● Assigned task
Every line from the top of the records below through the one containing "- added C1: 3.3uF, dp_devices:SMC_A" must be copied exactly, and the pictures must not be.

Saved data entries
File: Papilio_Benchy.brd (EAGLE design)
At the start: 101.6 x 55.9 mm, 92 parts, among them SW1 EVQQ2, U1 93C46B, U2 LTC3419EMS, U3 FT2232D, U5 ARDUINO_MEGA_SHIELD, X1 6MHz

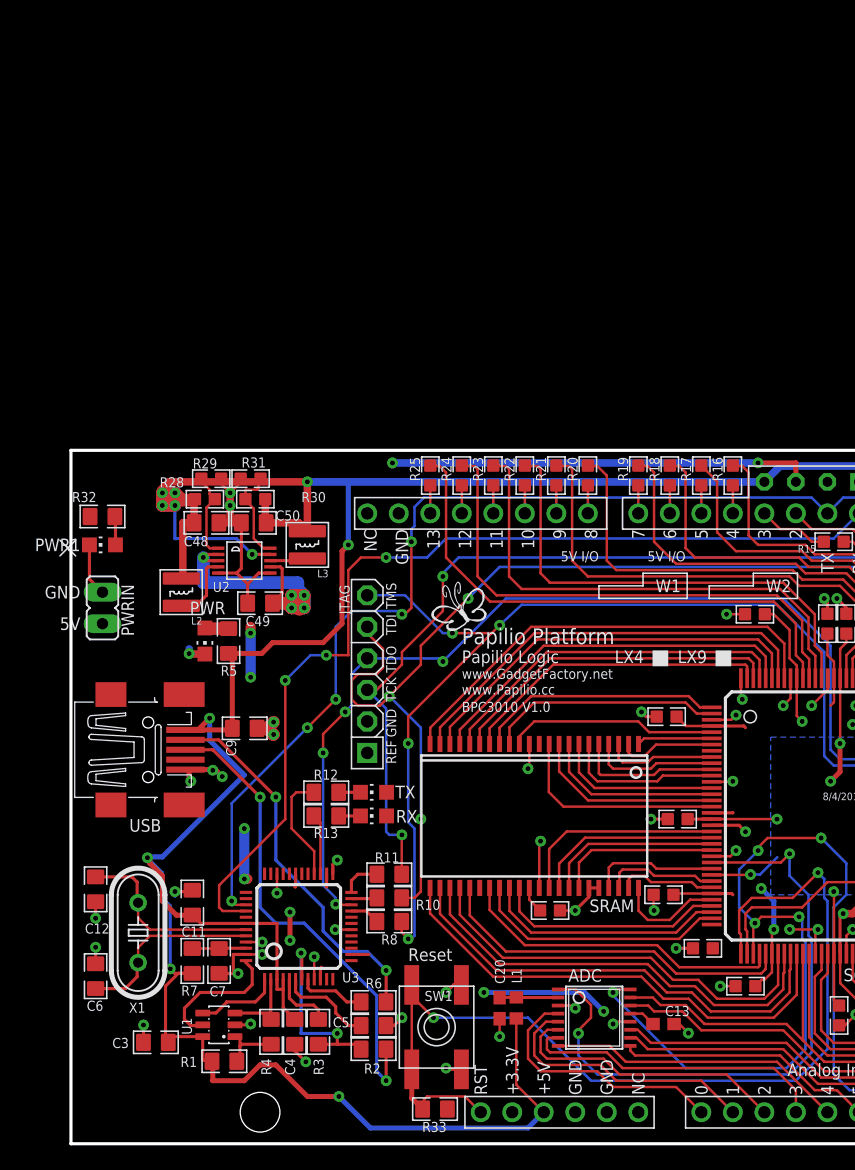
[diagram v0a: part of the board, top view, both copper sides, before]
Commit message: FT2232H upgrade
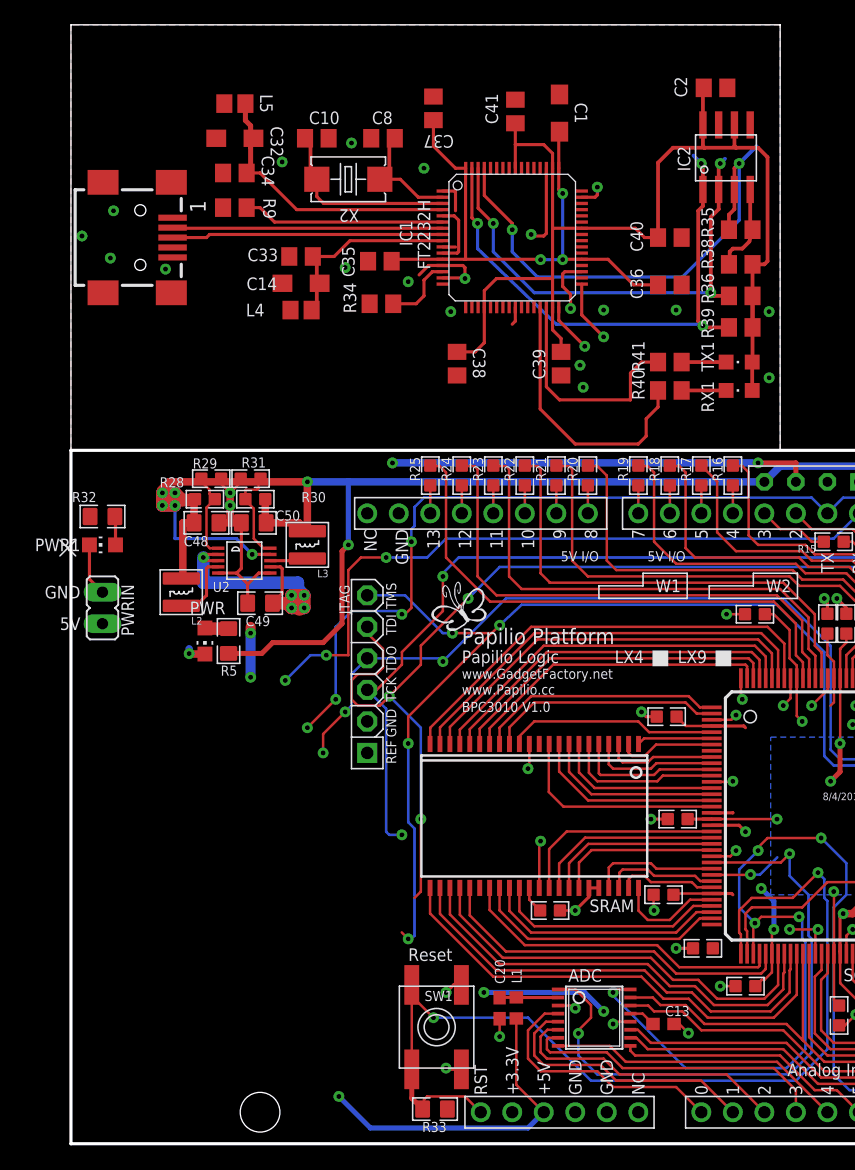
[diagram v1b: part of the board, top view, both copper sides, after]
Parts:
- removed C11, C3, C4, C5, C7, C9: 0.1uF, Bogdan_Commons:0805
- removed C12, C6: 27pF, Bogdan_Commons:0805
- removed R1: 10K, Bogdan_Commons:0805@1
- removed R10, R11, R8: 68, GadgetFactory:0805
- removed R12, R13: 220, GadgetFactory:0805
- removed R2, R6: 27R, Bogdan_Commons:0805@1
- removed R3: 1K5, Bogdan_Commons:0805@1
- removed R4: 2K2, Bogdan_Commons:0805@1
- removed R7: 470R, Bogdan_Commons:0805@1
- removed RX, TX: (no value), led:CHIP-LED0805
- removed U1: 93C46B, Bogdan_Commons:SOT23-6
- removed U3: FT2232D, Bogdan_Commons:LQFP48
- removed USB: MINI-USB-32005-201, con-cypressindustries:32005-201
- removed X1: 6MHz, crystal:HC49/S
- added C1: 3.3uF, dp_devices:SMC_A
- added C10, C8: 27pF, dp_devices:C805
- added C14, C32: 4.7uF, dp_devices:SMC_A
- added C2, C33, C34, C35, C36, C37, C38, C39, C40, C41: 0.1uF, dp_devices:C805
- added CONN1: CONN_USB, dp_devices:CONN_USB_MINI-B
- added IC1: FT2232H, DP-EagleLibrary:LQFP64
- added IC2: 93C46, dp_devices:SOIC8
- added L4, L5: (no value), dp_devices:FB805
- added R34, R36, R38, R39: 10k, dp_devices:R805
- added R35: 2.2k, dp_devices:R805
- added R40, R41: 470, dp_devices:R805
- added R9: 12k 1%, dp_devices:R805
- added RX1, TX1: (no value), dp_devices:LED-805
- added X2: 12MHz, dp_devices:4X6
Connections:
- removed net 3V3OUT_A: C5.2, U3.6
- removed net D+: R2.1, USB.3
- removed net D-: R6.1, USB.2
- removed net DO_A: R1.2, R4.1, U1.1
- removed net EECS_A: U1.5, U3.48
- removed net EEDATA_A: R4.2, U1.3, U3.2
- removed net EESK: U1.4, U3.1
- removed net FILTERED_VCC_A: C7.2, R7.1, U3.46
- removed net N$15_A: R3.2, U3.5
- removed net N$2: R12.2, RX.C
- removed net N$3: R13.2, TX.C
- removed net N$4: R13.1, U3.27
- removed net N$5: R12.1, U3.28
- removed net USBDM_A: R6.2, U3.8
- removed net USBDP_A: R2.2, R3.1, U3.7
- removed net USB_TCK: R11.1, U3.24
- removed net USB_TDI: R10.1, U3.23
- removed net USB_TMS: R8.1, U3.21
- removed net XTIN_A: C12.2, U3.43, X1.2
- removed net XTOUT_A: C6.2, U3.44, X1.1
- new net !PWEREN: IC1.60
- new net !RESET: IC1.14, R34.2
- new net !SUSPEND: IC1.36
- new net 1.8V: C1.+, C35.1, C36.1, C37.1, IC1.12, IC1.37, IC1.49, IC1.64
- new net 3.3V: C2.1, C38.1, C39.1, C40.1, C41.1, IC1.20, IC1.31, IC1.42, IC1.50, IC1.56, IC2.6, IC2.8, L4.2, L5.2, R34.1, R36.2, R38.2, R39.2, RX1.A, TX1.A
- new net AC0: IC1.26
- new net AC1: IC1.27
- new net AC2: IC1.28
- new net AC3: IC1.29, R40.1
- new net AC4: IC1.30, R41.1
- new net AC5: IC1.32
- new net AC6: IC1.33
- new net AC7: IC1.34
- new net AD0: IC1.16
- new net AD1: IC1.17
- new net AD2: IC1.18
- new net AD3: IC1.19
- new net AD4: IC1.21
- new net AD5: IC1.22
- new net AD6: IC1.23
- new net AD7: IC1.24
- new net BC0: IC1.48
- new net BC1: IC1.52
- new net BC2: IC1.53
- new net BC3: IC1.54
- new net BC4: IC1.55
- new net BC5: IC1.57
- new net BC6: IC1.58
- new net BC7: IC1.59
- new net BD0: IC1.38
- new net BD1: IC1.39
- new net BD2: IC1.40
- new net BD3: IC1.41
- new net BD4: IC1.43
- new net BD5: IC1.44
- new net BD6: IC1.45
- new net BD7: IC1.46
- new net DM: CONN1.D-, IC1.7
- new net DP: CONN1.D+, IC1.8
- new net EECLK: IC1.62, IC2.2, R36.1
- new net EECS: IC1.63, IC2.1, R39.1
- new net EEDATA: IC1.61, IC2.3, R35.2
- new net N$22: C8.1, IC1.2, X2.1
- new net N$23: C10.1, IC1.3, X2.2
- new net N$24: R40.2, RX1.C
- new net N$25: R41.2, TX1.C
- new net N$45: IC2.4, R35.1, R38.1
- new net N$48: C32.+, C34.1, IC1.4, L5.1
- new net N$49: C14.+, C33.1, IC1.9, L4.1
- new net N$9: IC1.6, R9.2
- net 3V3: no longer RX.A, TX.A, U3.10, U3.14, U3.26, U3.31
- net 5V: now also CONN1.VUSB
- net 5V0: no longer C11.2, C3.2, C4.2, C9.2, R1.1, R7.2, U1.6, U3.3, U3.4, U3.42, USB.1
- net GND: now also C1.-, C10.2, C14.-, C2.2, C32.-, C33.2, C34.2, C35.2, C36.2, C37.2, C38.2, C39.2, C40.2, C41.2, C8.2, CONN1.GND, IC1.1, IC1.10, IC1.11, IC1.13, IC1.15, IC1.25, IC1.35, IC1.47, IC1.5, IC1.51, IC2.5, R9.1; no longer C11.1, C12.1, C3.1, C4.1, C5.1, C6.1, C7.1, C9.1, U1.2, U3.18, U3.25, U3.34, U3.45, U3.47, U3.9, USB.5
- net TCK: no longer R11.2
- net TDI: no longer R10.2
- net TDO: no longer U3.22
- net TMS: no longer R8.2
- net USB_RXD: no longer U3.39
- net USB_TXD: no longer U3.40
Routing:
- net 3.3V: track 0.00 -> 89.5 mm
- net 5V0: track 288.6 -> 199.1 mm, vias 7 -> 4
- net 1.8V: track 0.00 -> 45.6 mm, vias 0 -> 3
- net EECS: track 0.00 -> 43.8 mm, vias 0 -> 3
- net EEDATA: track 0.00 -> 40.9 mm, vias 0 -> 2
- net EECLK: track 0.00 -> 39.0 mm, vias 0 -> 3
- net D+: track 38.5 -> 0.00 mm, vias 2 -> 0
- net D-: track 30.5 -> 0.00 mm, vias 2 -> 0
- net N$48: track 0.00 -> 24.7 mm
- net USB_TXD: track 88.9 -> 66.1 mm
- net AC3: track 0.00 -> 22.3 mm
- net DP: track 0.00 -> 21.9 mm
- net DM: track 0.00 -> 21.8 mm
- net AC4: track 0.00 -> 18.4 mm
- net USB_RXD: track 82.9 -> 65.1 mm, vias 6 -> 5
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- added copper zone on layer 1, net GND
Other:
- board size 101.6 x 55.9 mm -> 101.6 x 90.2 mm
- board text added: "!PWEREN"
- board text added: "!RESET"
- board text added: "1.8V"
- board text added: "3V3"
- board text added: "ACBUS0"
- board text added: "ACBUS1"
- board text added: "ACBUS2"
- board text added: "ACBUS3"
- board text added: "ACBUS4"
- board text added: "ACBUS5"
- board text added: "ACBUS6"
- board text added: "ACBUS7"
- board text added: "ADBUS0"
- board text added: "ADBUS1"
- board text added: "ADBUS2"
- board text added: "ADBUS3"
- board text added: "ADBUS4"
- board text added: "ADBUS5"
- board text added: "ADBUS6"
- board text added: "ADBUS7"
- board text added: "BCBUS0"
- board text added: "BCBUS1"
- board text added: "BCBUS2"
- board text added: "BCBUS3"
- board text added: "BCBUS4"
- board text added: "BCBUS5"
- board text added: "BCBUS6"
- board text added: "BCBUS7"
- board text added: "BDBUS0"
- board text added: "BDBUS1"
- board text added: "BDBUS2"
- board text added: "BDBUS3"
- board text added: "BDBUS4"
- board text added: "BDBUS5"
- board text added: "BDBUS6"
- board text added: "BDBUS7"
- board text added: "Dangerous Prototypes"
- board text added: "EECLK"
- board text added: "EECS"
- board text added: "EEDATA"
- board text added: "FT2232H Breakout Board v1a"
- board text added: "Fulfillment By:"
- board text added: "Seeed Studio"
- board text added: "dangerousprototypes.com"
- board text added: "seeedstudio.com"

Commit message: Arduino Leonardo
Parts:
- added C11, C9: 22p, SmartPrj:C0603-ROUND
- added C3, C4, C6: 100n, SmartPrj:C0603-ROUND
- added C5, C7: 1uF, SmartPrj:C0603-ROUND
- added D2: CD1206-S01575, diode:MINIMELF
- added J1: USB MICRO, SmartPrj:CON2_USB_MICRO_B_AT
- added L, RX, TX: Yellow, led:CHIPLED_0805
- added L6: MH2029-300Y, wuerth-elektronik:0805
- added ON: Green, led:CHIPLED_0805
- added R1: 1M, SmartPrj:R0603-ROUND
- added R2, R3: NM, SmartPrj:R0402
- added R4, R6: 22R, GadgetFactory_6.0:0805
- added R7, R8: 10K, GadgetFactory_6.0:0805
- added RN2: 1K, resistor-dil:CAY16
- added U1: ATMEGA32U4-XUMU, SmartPrj:QFN44ML7X7
- added U3: ATMEGA32U4-XUAU, SmartPrj:TQFP44-PAD
- added Y1: 16MHz KX-7, SmartPrj:CRYSTAL-3.2-2.5
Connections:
- new net +5V: C3.1, C4.1, D2.C, L6.1, R7.2, RN2.1, RN2.3, RN2.4, U1.14, U1.2, U1.34, U3.14, U3.2, U3.34
- new net AGND: C6.1, R2.1, U1.43, U3.43
- new net AREF: C6.2, U1.42, U3.42
- new net AVCC: C5.1, L6.2, U1.24, U1.44, U3.24, U3.44
- new net D+: J1.P3, R6.1
- new net D-: J1.P2, R4.1
- new net D0/RX: U1.20, U3.20
- new net D1/TX: U1.21, U3.21
- new net D2/SDA: U1.19, U3.19
- new net D3/SCL: U1.18, U3.18
- new net D5*: U1.31, U3.31
- new net D6*: U1.27, U3.27
- new net HWB: R8.2, U1.33, U3.33
- new net IO10*: U1.30, U3.30
- new net IO11*: U1.12, U3.12
- new net IO12: U1.26, U3.26
- new net IO13*: RN2.2, U1.32, U3.32
- new net IO8: U1.28, U3.28
- new net IO9*: U1.29, U3.29
- new net MISO: U1.11, U3.11
- new net MOSI: U1.10, U3.10
- new net N$2: L.A, RN2.7
- new net N$3: ON.A, RN2.8
- new net N$4: RN2.6, TX.A
- new net N$5: RN2.5, RX.A
- new net RD+: R6.2, U1.4, U3.4
- new net RD-: R4.2, U1.3, U3.3
- new net RXLED: RX.C, U1.8, U3.8
- new net SCK: U1.9, U3.9
- new net TXLED: TX.C, U1.22, U3.22
- new net UCAP: C7.1, U1.6, U3.6
- new net UGND: C7.2, R3.2, U1.5, U3.5
- new net USBID: J1.P4
- new net VUSB: U1.7, U3.7
- new net XTAL1: C11.1, R1.1, U1.17, U3.17, Y1.1
- new net XTAL2: C9.2, R1.2, U1.16, U3.16, Y1.3
- new net XUSB: J1.P1
- net A0: now also U1.36, U3.36
- net A1: now also U1.37, U3.37
- net A2: now also U1.38, U3.38
- net A3: now also U1.39, U3.39
- net A4: now also U1.40, U3.40
- net A5: now also U1.41, U3.41
- net D4: now also U1.25, U3.25
- net D7: now also U1.1, U3.1
- net GND: now also C11.2, C3.2, C4.2, C5.2, C9.1, J1.P5, J1.S1, J1.S2, J1.S3, J1.S4, J1.S5, J1.S6, L.C, ON.C, R2.2, R3.1, R8.1, U1.15, U1.23, U1.35, U1.EXP, U3.15, U3.23, U3.35, U3.P$1, Y1.2, Y1.4
- net RESET: now also D2.A, R7.1, U1.13, U3.13
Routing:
- net GND: track 147.1 -> 188.1 mm, vias 68 -> 78
- net +5V: track 0.00 -> 20.8 mm, vias 0 -> 1
- net UGND: track 0.00 -> 13.7 mm, vias 0 -> 1
- net XTAL1: track 0.00 -> 13.4 mm
- net RESET: track 80.7 -> 94.0 mm
- net N$3: track 0.00 -> 12.5 mm
- net AREF: track 0.00 -> 12.2 mm
- net XTAL2: track 0.00 -> 10.4 mm
- net N$2: track 0.00 -> 9.32 mm
- net N$5: track 0.00 -> 7.35 mm
- net N$4: track 0.00 -> 6.98 mm
- net AGND: track 0.00 -> 6.81 mm, vias 0 -> 1
- net UCAP: track 0.00 -> 6.00 mm
- net AVCC: track 0.00 -> 5.77 mm
- net D+: track 0.00 -> 3.87 mm
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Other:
- board text added: "ITALY"
- board text added: "MADE IN"
- board text added: "X2"

● Response
File: Papilio_Benchy.brd (EAGLE design)
At the start: 101.6 x 55.9 mm, 92 parts, among them SW1 EVQQ2, U1 93C46B, U2 LTC3419EMS, U3 FT2232D, U5 ARDUINO_MEGA_SHIELD, X1 6MHz

[diagram v0a: part of the board, top view, both copper sides, before]
Commit message: FT2232H upgrade
[diagram v1b: part of the board, top view, both copper sides, after]
Parts:
- removed C11, C3, C4, C5, C7, C9: 0.1uF, Bogdan_Commons:0805
- removed C12, C6: 27pF, Bogdan_Commons:0805
- removed R1: 10K, Bogdan_Commons:0805@1
- removed R10, R11, R8: 68, GadgetFactory:0805
- removed R12, R13: 220, GadgetFactory:0805
- removed R2, R6: 27R, Bogdan_Commons:0805@1
- removed R3: 1K5, Bogdan_Commons:0805@1
- removed R4: 2K2, Bogdan_Commons:0805@1
- removed R7: 470R, Bogdan_Commons:0805@1
- removed RX, TX: (no value), led:CHIP-LED0805
- removed U1: 93C46B, Bogdan_Commons:SOT23-6
- removed U3: FT2232D, Bogdan_Commons:LQFP48
- removed USB: MINI-USB-32005-201, con-cypressindustries:32005-201
- removed X1: 6MHz, crystal:HC49/S
- added C1: 3.3uF, dp_devices:SMC_A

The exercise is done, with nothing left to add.